The data:

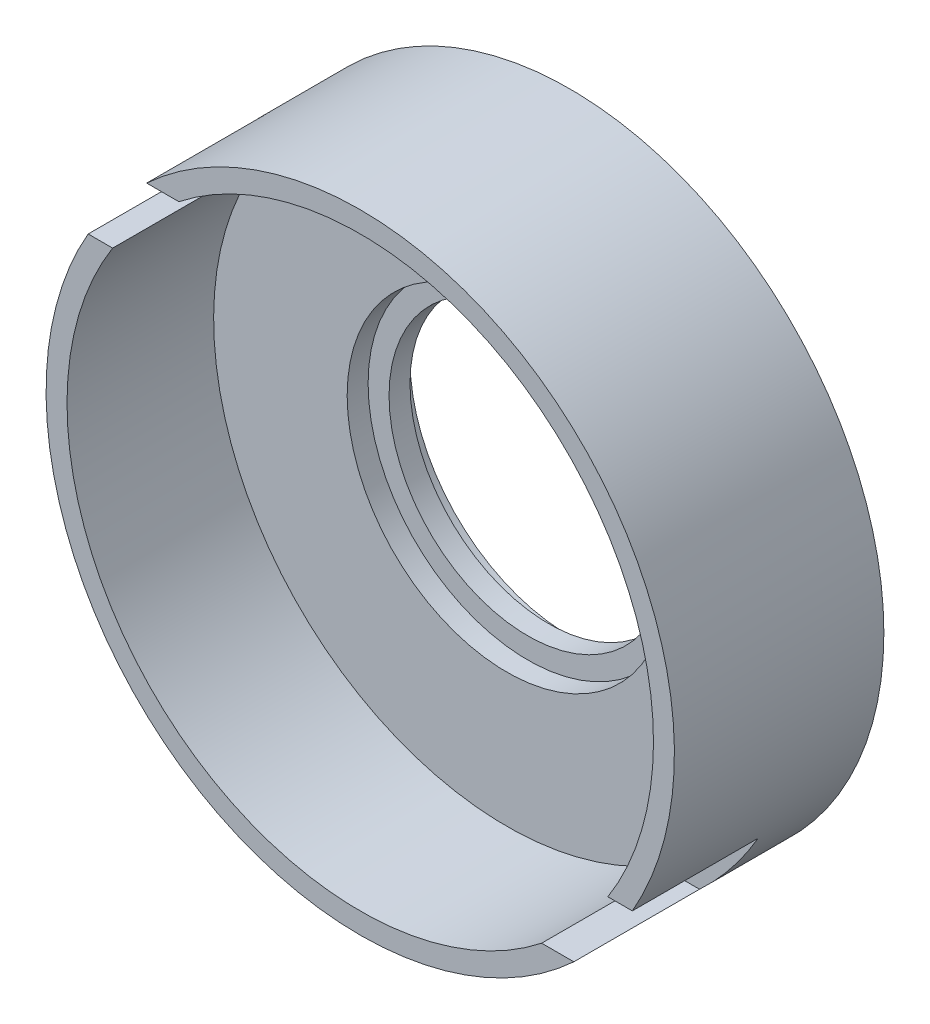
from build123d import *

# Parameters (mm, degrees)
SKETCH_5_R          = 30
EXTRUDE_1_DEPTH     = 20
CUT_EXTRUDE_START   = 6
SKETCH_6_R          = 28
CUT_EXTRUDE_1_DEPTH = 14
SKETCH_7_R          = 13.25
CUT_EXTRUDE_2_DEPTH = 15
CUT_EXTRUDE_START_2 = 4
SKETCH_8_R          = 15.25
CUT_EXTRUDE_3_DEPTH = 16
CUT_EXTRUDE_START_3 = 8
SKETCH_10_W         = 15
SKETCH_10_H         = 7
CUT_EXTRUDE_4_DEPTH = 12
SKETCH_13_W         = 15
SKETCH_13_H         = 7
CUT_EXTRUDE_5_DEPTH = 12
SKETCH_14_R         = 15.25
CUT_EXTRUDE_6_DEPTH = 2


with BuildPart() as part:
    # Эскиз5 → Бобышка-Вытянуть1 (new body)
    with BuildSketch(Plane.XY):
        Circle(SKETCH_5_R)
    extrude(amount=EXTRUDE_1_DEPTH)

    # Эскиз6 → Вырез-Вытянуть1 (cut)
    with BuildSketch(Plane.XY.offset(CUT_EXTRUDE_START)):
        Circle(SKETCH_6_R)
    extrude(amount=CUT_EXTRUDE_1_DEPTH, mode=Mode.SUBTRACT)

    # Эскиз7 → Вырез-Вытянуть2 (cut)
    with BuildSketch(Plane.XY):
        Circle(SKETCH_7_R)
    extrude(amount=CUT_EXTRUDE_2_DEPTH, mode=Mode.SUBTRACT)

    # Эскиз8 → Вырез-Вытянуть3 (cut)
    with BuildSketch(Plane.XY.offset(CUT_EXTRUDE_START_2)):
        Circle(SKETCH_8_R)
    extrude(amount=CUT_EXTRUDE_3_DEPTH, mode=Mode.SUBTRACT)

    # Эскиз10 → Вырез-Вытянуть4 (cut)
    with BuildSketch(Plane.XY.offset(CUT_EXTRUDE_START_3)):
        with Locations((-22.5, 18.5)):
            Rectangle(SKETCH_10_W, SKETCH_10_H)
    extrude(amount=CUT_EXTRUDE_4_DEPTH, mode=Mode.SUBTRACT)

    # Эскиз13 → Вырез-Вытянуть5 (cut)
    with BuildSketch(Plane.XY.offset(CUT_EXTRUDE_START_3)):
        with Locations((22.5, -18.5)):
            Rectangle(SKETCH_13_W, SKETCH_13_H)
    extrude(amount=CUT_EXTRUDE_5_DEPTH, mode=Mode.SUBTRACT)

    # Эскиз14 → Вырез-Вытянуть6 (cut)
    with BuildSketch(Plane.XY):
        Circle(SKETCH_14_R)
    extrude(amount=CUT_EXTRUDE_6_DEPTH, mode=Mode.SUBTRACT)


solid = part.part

Task requirements:
Make an exact copy of the listing above, omitting the pictures.

Response to this exercise:
from build123d import *

# Parameters (mm, degrees)
SKETCH_5_R          = 30
EXTRUDE_1_DEPTH     = 20
CUT_EXTRUDE_START   = 6
SKETCH_6_R          = 28
CUT_EXTRUDE_1_DEPTH = 14
SKETCH_7_R          = 13.25
CUT_EXTRUDE_2_DEPTH = 15
CUT_EXTRUDE_START_2 = 4
SKETCH_8_R          = 15.25
CUT_EXTRUDE_3_DEPTH = 16
CUT_EXTRUDE_START_3 = 8
SKETCH_10_W         = 15
SKETCH_10_H         = 7
CUT_EXTRUDE_4_DEPTH = 12
SKETCH_13_W         = 15
SKETCH_13_H         = 7
CUT_EXTRUDE_5_DEPTH = 12
SKETCH_14_R         = 15.25
CUT_EXTRUDE_6_DEPTH = 2


with BuildPart() as part:
    # Эскиз5 → Бобышка-Вытянуть1 (new body)
    with BuildSketch(Plane.XY):
        Circle(SKETCH_5_R)
    extrude(amount=EXTRUDE_1_DEPTH)

    # Эскиз6 → Вырез-Вытянуть1 (cut)
    with BuildSketch(Plane.XY.offset(CUT_EXTRUDE_START)):
        Circle(SKETCH_6_R)
    extrude(amount=CUT_EXTRUDE_1_DEPTH, mode=Mode.SUBTRACT)

    # Эскиз7 → Вырез-Вытянуть2 (cut)
    with BuildSketch(Plane.XY):
        Circle(SKETCH_7_R)
    extrude(amount=CUT_EXTRUDE_2_DEPTH, mode=Mode.SUBTRACT)

    # Эскиз8 → Вырез-Вытянуть3 (cut)
    with BuildSketch(Plane.XY.offset(CUT_EXTRUDE_START_2)):
        Circle(SKETCH_8_R)
    extrude(amount=CUT_EXTRUDE_3_DEPTH, mode=Mode.SUBTRACT)

    # Эскиз10 → Вырез-Вытянуть4 (cut)
    with BuildSketch(Plane.XY.offset(CUT_EXTRUDE_START_3)):
        with Locations((-22.5, 18.5)):
            Rectangle(SKETCH_10_W, SKETCH_10_H)
    extrude(amount=CUT_EXTRUDE_4_DEPTH, mode=Mode.SUBTRACT)

    # Эскиз13 → Вырез-Вытянуть5 (cut)
    with BuildSketch(Plane.XY.offset(CUT_EXTRUDE_START_3)):
        with Locations((22.5, -18.5)):
            Rectangle(SKETCH_13_W, SKETCH_13_H)
    extrude(amount=CUT_EXTRUDE_5_DEPTH, mode=Mode.SUBTRACT)

    # Эскиз14 → Вырез-Вытянуть6 (cut)
    with BuildSketch(Plane.XY):
        Circle(SKETCH_14_R)
    extrude(amount=CUT_EXTRUDE_6_DEPTH, mode=Mode.SUBTRACT)


solid = part.part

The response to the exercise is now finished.